Source records:
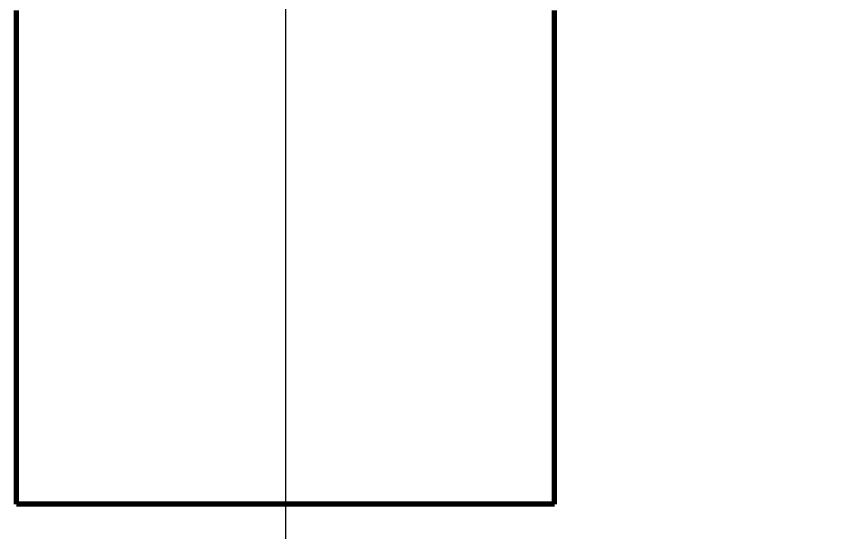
# Model space of a CAD drawing. Header units: millimetres. Extents: x 0 to 2382, y 0 to 420.
# Drawn here: x 125.4 to 134.61, y 89.7 to 95.43 of the extents above; entities that cross this region are included whole.
import ezdxf

# ---------------------------------------------------------------- set-up
doc = ezdxf.new("R2010")
doc.units = ezdxf.units.MM
doc.linetypes.add('IRAM-E-TRAZOS', pattern=[5, 4, -1])
for name, color, linetype, lineweight in [('01-VISIBLE', 7, 'CONTINUOUS', 70), ('02-OCULTA', 4, 'IRAM-E-TRAZOS', 35), ('04-COTA', 3, 'CONTINUOUS', 18)]:
    doc.layers.add(name, color=color, linetype=linetype, lineweight=lineweight)
doc.styles.add('ISO3098', font='isocpeur.ttf')
doc.dimstyles.new('FLAMA-IRAM', dxfattribs={"dimtxt": 3.5, "dimasz": 3.5, "dimexe": 2, "dimexo": 1.5, "dimgap": 1, "dimtad": 1, "dimdec": 1, "dimtxsty": 'ISO3098', "dimblk": 'IRAM_FLECHA', "dimblk1": 'IRAM_FLECHA', "dimblk2": 'IRAM_FLECHA', "dimcen": 2.5, "dimclrd": 256, "dimclre": 256, "dimclrt": 256, "dimazin": 3, "dimtfac": 1, "dimtmove": 0, "dimatfit": 3, "dimlwd": 18, "dimlwe": 18})

# ---------------------------------------------------------------- blocks, each defined once
blk = doc.blocks.new('IRAM_FLECHA')
blk.add_solid([(0, 0), (-1, 0.125), (-1, -0.125)])

msp = doc.modelspace()

# ---------------------------------------------------------------- linework, layer by layer
at = {"layer": '01-VISIBLE'}
msp.add_line((131.4, 90), (125.4, 90), dxfattribs=at)
for points in [[(125.4, 90), (125.4, 90.1), (125.4, 90.2), (125.4, 90.3), (125.4, 90.4), (125.4, 90.5), (125.4, 90.6), (125.4, 90.7), (125.4, 90.8), (125.4, 90.9), (125.4, 91), (125.4, 91.1), (125.4, 91.2), (125.4, 91.3), (125.4, 91.4), (125.4, 91.5), (125.4, 91.6), (125.4, 91.7), (125.4, 91.8), (125.4, 91.9), (125.4, 92), (125.4, 92.1), (125.4, 92.2), (125.4, 92.3), (125.4, 92.4), (125.4, 92.5), (125.4, 92.6), (125.4, 92.7), (125.4, 92.8), (125.4, 92.9), (125.4, 93), (125.4, 93.1), (125.4, 93.2), (125.4, 93.3), (125.4, 93.4), (125.4, 93.5), (125.4, 93.6), (125.4, 93.7), (125.4, 93.8), (125.4, 93.9), (125.4, 94), (125.4, 94.1), (125.4, 94.2), (125.4, 94.3), (125.4, 94.4), (125.4, 94.5), (125.4, 94.6), (125.4, 94.7), (125.4, 94.8), (125.4, 94.9), (125.4, 95), (125.4, 95.1), (125.4, 95.2), (125.4, 95.3), (125.4, 95.4), (125.4, 95.5)], [(131.4, 90), (131.4, 90.1), (131.4, 90.2), (131.4, 90.3), (131.4, 90.4), (131.4, 90.5), (131.4, 90.6), (131.4, 90.7), (131.4, 90.8), (131.4, 90.9), (131.4, 91), (131.4, 91.1), (131.4, 91.2), (131.4, 91.3), (131.4, 91.4), (131.4, 91.5), (131.4, 91.6), (131.4, 91.7), (131.4, 91.8), (131.4, 91.9), (131.4, 92), (131.4, 92.1), (131.4, 92.2), (131.4, 92.3), (131.4, 92.4), (131.4, 92.5), (131.4, 92.6), (131.4, 92.7), (131.4, 92.8), (131.4, 92.9), (131.4, 93), (131.4, 93.1), (131.4, 93.2), (131.4, 93.3), (131.4, 93.4), (131.4, 93.5), (131.4, 93.6), (131.4, 93.7), (131.4, 93.8), (131.4, 93.9), (131.4, 94), (131.4, 94.1), (131.4, 94.2), (131.4, 94.3), (131.4, 94.4), (131.4, 94.5), (131.4, 94.6), (131.4, 94.7), (131.4, 94.8), (131.4, 94.9), (131.4, 95), (131.4, 95.1), (131.4, 95.2), (131.4, 95.3), (131.4, 95.4), (131.4, 95.5)]]:
    msp.add_lwpolyline(points, dxfattribs=at)
at = {"layer": '02-OCULTA'}
for points in [[(125.4, 95.45), (125.4, 95.4), (125.4, 95.35), (125.4, 95.3), (125.4, 95.25), (125.4, 95.2), (125.4, 95.15), (125.4, 95.1), (125.4, 95.05), (125.4, 95), (125.4, 94.95), (125.4, 94.9), (125.4, 94.85), (125.4, 94.8), (125.4, 94.75), (125.4, 94.7), (125.4, 94.65), (125.4, 94.6), (125.4, 94.55), (125.4, 94.5), (125.4, 94.45), (125.4, 94.4), (125.4, 94.35), (125.4, 94.3), (125.4, 94.25), (125.4, 94.2), (125.4, 94.15), (125.4, 94.1), (125.4, 94.05), (125.4, 94), (125.4, 93.95), (125.4, 93.9), (125.4, 93.85), (125.4, 93.8), (125.4, 93.75), (125.4, 93.7), (125.4, 93.65), (125.4, 93.6), (125.4, 93.55), (125.4, 93.5), (125.4, 93.45), (125.4, 93.4), (125.4, 93.35), (125.4, 93.3), (125.4, 93.25), (125.4, 93.2), (125.4, 93.15), (125.4, 93.1), (125.4, 93.05), (125.4, 93), (125.4, 92.95), (125.4, 92.9), (125.4, 92.85), (125.4, 92.8), (125.4, 92.75), (125.4, 92.7), (125.4, 92.65), (125.4, 92.6), (125.4, 92.55), (125.4, 92.5), (125.4, 92.45), (125.4, 92.4), (125.4, 92.35), (125.4, 92.3), (125.4, 92.25), (125.4, 92.2), (125.4, 92.15), (125.4, 92.1), (125.4, 92.05), (125.4, 92), (125.4, 91.95), (125.4, 91.9), (125.4, 91.85), (125.4, 91.8), (125.4, 91.75), (125.4, 91.7), (125.4, 91.65), (125.4, 91.6), (125.4, 91.55), (125.4, 91.5), (125.4, 91.45), (125.4, 91.4), (125.4, 91.35), (125.4, 91.3), (125.4, 91.25), (125.4, 91.2), (125.4, 91.15), (125.4, 91.1), (125.4, 91.05), (125.4, 91), (125.4, 90.95), (125.4, 90.9), (125.4, 90.85), (125.4, 90.8), (125.4, 90.75), (125.4, 90.7), (125.4, 90.65), (125.4, 90.6), (125.4, 90.55), (125.4, 90.5), (125.4, 90.45), (125.4, 90.4), (125.4, 90.35), (125.4, 90.3), (125.4, 90.25), (125.4, 90.2), (125.4, 90.15), (125.4, 90.1), (125.4, 90.05), (125.4, 90)], [(131.4, 95.45), (131.4, 95.4), (131.4, 95.35), (131.4, 95.3), (131.4, 95.25), (131.4, 95.2), (131.4, 95.15), (131.4, 95.1), (131.4, 95.05), (131.4, 95), (131.4, 94.95), (131.4, 94.9), (131.4, 94.85), (131.4, 94.8), (131.4, 94.75), (131.4, 94.7), (131.4, 94.65), (131.4, 94.6), (131.4, 94.55), (131.4, 94.5), (131.4, 94.45), (131.4, 94.4), (131.4, 94.35), (131.4, 94.3), (131.4, 94.25), (131.4, 94.2), (131.4, 94.15), (131.4, 94.1), (131.4, 94.05), (131.4, 94), (131.4, 93.95), (131.4, 93.9), (131.4, 93.85), (131.4, 93.8), (131.4, 93.75), (131.4, 93.7), (131.4, 93.65), (131.4, 93.6), (131.4, 93.55), (131.4, 93.5), (131.4, 93.45), (131.4, 93.4), (131.4, 93.35), (131.4, 93.3), (131.4, 93.25), (131.4, 93.2), (131.4, 93.15), (131.4, 93.1), (131.4, 93.05), (131.4, 93), (131.4, 92.95), (131.4, 92.9), (131.4, 92.85), (131.4, 92.8), (131.4, 92.75), (131.4, 92.7), (131.4, 92.65), (131.4, 92.6), (131.4, 92.55), (131.4, 92.5), (131.4, 92.45), (131.4, 92.4), (131.4, 92.35), (131.4, 92.3), (131.4, 92.25), (131.4, 92.2), (131.4, 92.15), (131.4, 92.1), (131.4, 92.05), (131.4, 92), (131.4, 91.95), (131.4, 91.9), (131.4, 91.85), (131.4, 91.8), (131.4, 91.75), (131.4, 91.7), (131.4, 91.65), (131.4, 91.6), (131.4, 91.55), (131.4, 91.5), (131.4, 91.45), (131.4, 91.4), (131.4, 91.35), (131.4, 91.3), (131.4, 91.25), (131.4, 91.2), (131.4, 91.15), (131.4, 91.1), (131.4, 91.05), (131.4, 91), (131.4, 90.95), (131.4, 90.9), (131.4, 90.85), (131.4, 90.8), (131.4, 90.75), (131.4, 90.7), (131.4, 90.65), (131.4, 90.6), (131.4, 90.55), (131.4, 90.5), (131.4, 90.45), (131.4, 90.4), (131.4, 90.35), (131.4, 90.3), (131.4, 90.25), (131.4, 90.2), (131.4, 90.15), (131.4, 90.1), (131.4, 90.05), (131.4, 90)]]:
    msp.add_lwpolyline(points, dxfattribs=at)

# ---------------------------------------------------------------- dimensions: what is measured, and where the dimension line sits
at = {"layer": '04-COTA'}
msp.add_linear_dim(base=(128.4, 71), p1=(128.4, 110), p2=(184.6, 110), dimstyle='FLAMA-IRAM', override={"dimlfac": 10, "dimpost": 'trocha <>'}, dxfattribs=at).render()

doc.saveas('drawing.dxf')

**WHAT YOU ARE ASKED TO DO**.
Show every line of the records above that contains the word "units".

**RESPONSE TO THE TASK**.
# Model space of a CAD drawing. Header units: millimetres. Extents: x 0 to 2382, y 0 to 420.
doc.units = ezdxf.units.MM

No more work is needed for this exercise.